To do.
Once you reach the line containing "0 10303 214" in the entries below, write out that line and each one after it down to the line containing "#18=AXIS2_PLACEMENT_3D('',#15,#16,#17);", exactly and with nothing added.
━━ Data provided ━━
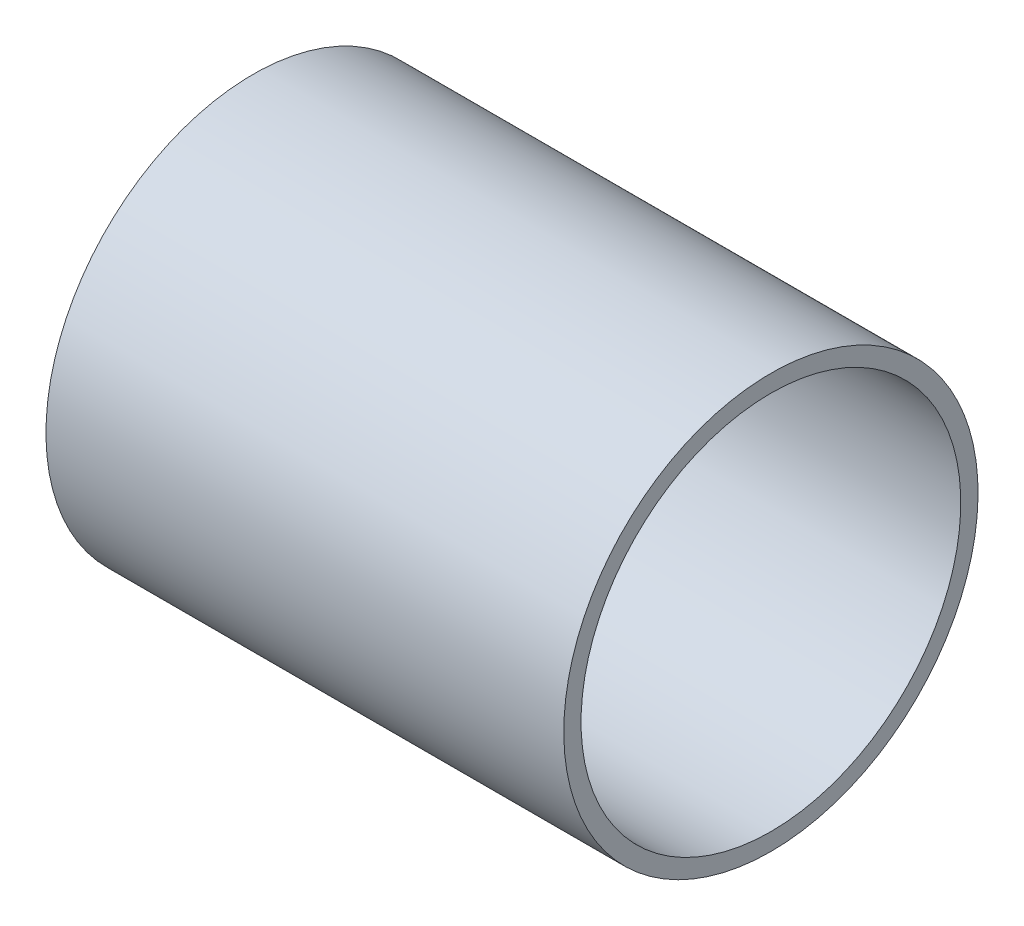
ISO-10303-21;
HEADER;
FILE_DESCRIPTION(('STEP AP214'),'2;1');
FILE_NAME('part.step','',(''),(''),'','','');
FILE_SCHEMA(('AUTOMOTIVE_DESIGN { 1 0 10303 214 1 1 1 1 }'));
ENDSEC;
DATA;
#1=APPLICATION_CONTEXT('core data for automotive mechanical design processes');
#2=APPLICATION_PROTOCOL_DEFINITION('international standard','automotive_design',2000,#1);
#3=PRODUCT_CONTEXT('',#1,'mechanical');
#4=PRODUCT('Part','Part','',(#3));
#5=PRODUCT_RELATED_PRODUCT_CATEGORY('part','',(#4));
#6=PRODUCT_DEFINITION_FORMATION('','',#4);
#7=PRODUCT_DEFINITION_CONTEXT('part definition',#1,'design');
#8=PRODUCT_DEFINITION('design','',#6,#7);
#9=PRODUCT_DEFINITION_SHAPE('','',#8);
#10=(LENGTH_UNIT() NAMED_UNIT(*) SI_UNIT(.MILLI.,.METRE.));
#11=(NAMED_UNIT(*) PLANE_ANGLE_UNIT() SI_UNIT($,.RADIAN.));
#12=(NAMED_UNIT(*) SI_UNIT($,.STERADIAN.) SOLID_ANGLE_UNIT());
#13=UNCERTAINTY_MEASURE_WITH_UNIT(LENGTH_MEASURE(1.E-05),#10,'distance_accuracy_value','');
#14=(GEOMETRIC_REPRESENTATION_CONTEXT(3) GLOBAL_UNCERTAINTY_ASSIGNED_CONTEXT((#13)) GLOBAL_UNIT_ASSIGNED_CONTEXT((#10,
#11,#12)) REPRESENTATION_CONTEXT('',''));
#15=CARTESIAN_POINT('',(0.,0.,0.));
#16=DIRECTION('',(0.,0.,1.));
#17=DIRECTION('',(1.,0.,0.));
#18=AXIS2_PLACEMENT_3D('',#15,#16,#17);
#19=CARTESIAN_POINT('',(-15.,12.,0.));
#20=DIRECTION('',(1.,0.,0.));
#21=DIRECTION('',(0.,1.,0.));
#22=AXIS2_PLACEMENT_3D('',#19,#20,#21);
#23=PLANE('',#22);
#24=CARTESIAN_POINT('',(-15.,0.,0.));
#25=DIRECTION('',(-1.,0.,0.));
#26=DIRECTION('',(0.,-1.,0.));
#27=AXIS2_PLACEMENT_3D('',#24,#25,#26);
#28=CIRCLE('',#27,11.);
#29=CARTESIAN_POINT('',(-15.,-11.,0.));
#30=VERTEX_POINT('',#29);
#31=EDGE_CURVE('E10',#30,#30,#28,.T.);
#32=ORIENTED_EDGE('',*,*,#31,.F.);
#33=EDGE_LOOP('',(#32));
#34=FACE_BOUND('',#33,.T.);
#35=CARTESIAN_POINT('',(-15.,0.,0.));
#36=DIRECTION('',(-1.,0.,0.));
#37=DIRECTION('',(0.,-1.,0.));
#38=AXIS2_PLACEMENT_3D('',#35,#36,#37);
#39=CIRCLE('',#38,12.);
#40=CARTESIAN_POINT('',(-15.,-12.,0.));
#41=VERTEX_POINT('',#40);
#42=EDGE_CURVE('E45',#41,#41,#39,.T.);
#43=ORIENTED_EDGE('',*,*,#42,.T.);
#44=EDGE_LOOP('',(#43));
#45=FACE_BOUND('',#44,.T.);
#46=ADVANCED_FACE('F31',(#34,#45),#23,.F.);
#47=CARTESIAN_POINT('',(-66.5774744027304,0.,0.));
#48=DIRECTION('',(-1.,0.,0.));
#49=DIRECTION('',(0.,-1.,0.));
#50=AXIS2_PLACEMENT_3D('',#47,#48,#49);
#51=CYLINDRICAL_SURFACE('',#50,11.);
#52=CARTESIAN_POINT('',(15.,0.,0.));
#53=DIRECTION('',(-1.,0.,0.));
#54=DIRECTION('',(0.,-1.,0.));
#55=AXIS2_PLACEMENT_3D('',#52,#53,#54);
#56=CIRCLE('',#55,11.);
#57=CARTESIAN_POINT('',(15.,-11.,0.));
#58=VERTEX_POINT('',#57);
#59=EDGE_CURVE('E37',#58,#58,#56,.T.);
#60=ORIENTED_EDGE('',*,*,#59,.F.);
#61=EDGE_LOOP('',(#60));
#62=FACE_BOUND('',#61,.T.);
#63=ORIENTED_EDGE('',*,*,#31,.T.);
#64=EDGE_LOOP('',(#63));
#65=FACE_BOUND('',#64,.T.);
#66=ADVANCED_FACE('F60',(#62,#65),#51,.F.);
#67=CARTESIAN_POINT('',(15.,11.,0.));
#68=DIRECTION('',(-1.,0.,0.));
#69=DIRECTION('',(0.,-1.,0.));
#70=AXIS2_PLACEMENT_3D('',#67,#68,#69);
#71=PLANE('',#70);
#72=CARTESIAN_POINT('',(15.,0.,0.));
#73=DIRECTION('',(-1.,0.,0.));
#74=DIRECTION('',(0.,-1.,0.));
#75=AXIS2_PLACEMENT_3D('',#72,#73,#74);
#76=CIRCLE('',#75,12.);
#77=CARTESIAN_POINT('',(15.,-12.,0.));
#78=VERTEX_POINT('',#77);
#79=EDGE_CURVE('E41',#78,#78,#76,.T.);
#80=ORIENTED_EDGE('',*,*,#79,.F.);
#81=EDGE_LOOP('',(#80));
#82=FACE_BOUND('',#81,.T.);
#83=ORIENTED_EDGE('',*,*,#59,.T.);
#84=EDGE_LOOP('',(#83));
#85=FACE_BOUND('',#84,.T.);
#86=ADVANCED_FACE('F55',(#82,#85),#71,.F.);
#87=CARTESIAN_POINT('',(-66.5774744027304,0.,0.));
#88=DIRECTION('',(-1.,0.,0.));
#89=DIRECTION('',(0.,-1.,0.));
#90=AXIS2_PLACEMENT_3D('',#87,#88,#89);
#91=CYLINDRICAL_SURFACE('',#90,12.);
#92=ORIENTED_EDGE('',*,*,#42,.F.);
#93=EDGE_LOOP('',(#92));
#94=FACE_BOUND('',#93,.T.);
#95=ORIENTED_EDGE('',*,*,#79,.T.);
#96=EDGE_LOOP('',(#95));
#97=FACE_BOUND('',#96,.T.);
#98=ADVANCED_FACE('F52',(#94,#97),#91,.T.);
#99=CLOSED_SHELL('',(#46,#66,#86,#98));
#100=MANIFOLD_SOLID_BREP('B2',#99);
#101=ADVANCED_BREP_SHAPE_REPRESENTATION('',(#18,#100),#14);
#102=SHAPE_DEFINITION_REPRESENTATION(#9,#101);
ENDSEC;
END-ISO-10303-21;
━━━
Exercise solution.
FILE_SCHEMA(('AUTOMOTIVE_DESIGN { 1 0 10303 214 1 1 1 1 }'));
ENDSEC;
DATA;
#1=APPLICATION_CONTEXT('core data for automotive mechanical design processes');
#2=APPLICATION_PROTOCOL_DEFINITION('international standard','automotive_design',2000,#1);
#3=PRODUCT_CONTEXT('',#1,'mechanical');
#4=PRODUCT('Part','Part','',(#3));
#5=PRODUCT_RELATED_PRODUCT_CATEGORY('part','',(#4));
#6=PRODUCT_DEFINITION_FORMATION('','',#4);
#7=PRODUCT_DEFINITION_CONTEXT('part definition',#1,'design');
#8=PRODUCT_DEFINITION('design','',#6,#7);
#9=PRODUCT_DEFINITION_SHAPE('','',#8);
#10=(LENGTH_UNIT() NAMED_UNIT(*) SI_UNIT(.MILLI.,.METRE.));
#11=(NAMED_UNIT(*) PLANE_ANGLE_UNIT() SI_UNIT($,.RADIAN.));
#12=(NAMED_UNIT(*) SI_UNIT($,.STERADIAN.) SOLID_ANGLE_UNIT());
#13=UNCERTAINTY_MEASURE_WITH_UNIT(LENGTH_MEASURE(1.E-05),#10,'distance_accuracy_value','');
#14=(GEOMETRIC_REPRESENTATION_CONTEXT(3) GLOBAL_UNCERTAINTY_ASSIGNED_CONTEXT((#13)) GLOBAL_UNIT_ASSIGNED_CONTEXT((#10,
#11,#12)) REPRESENTATION_CONTEXT('',''));
#15=CARTESIAN_POINT('',(0.,0.,0.));
#16=DIRECTION('',(0.,0.,1.));
#17=DIRECTION('',(1.,0.,0.));
#18=AXIS2_PLACEMENT_3D('',#15,#16,#17);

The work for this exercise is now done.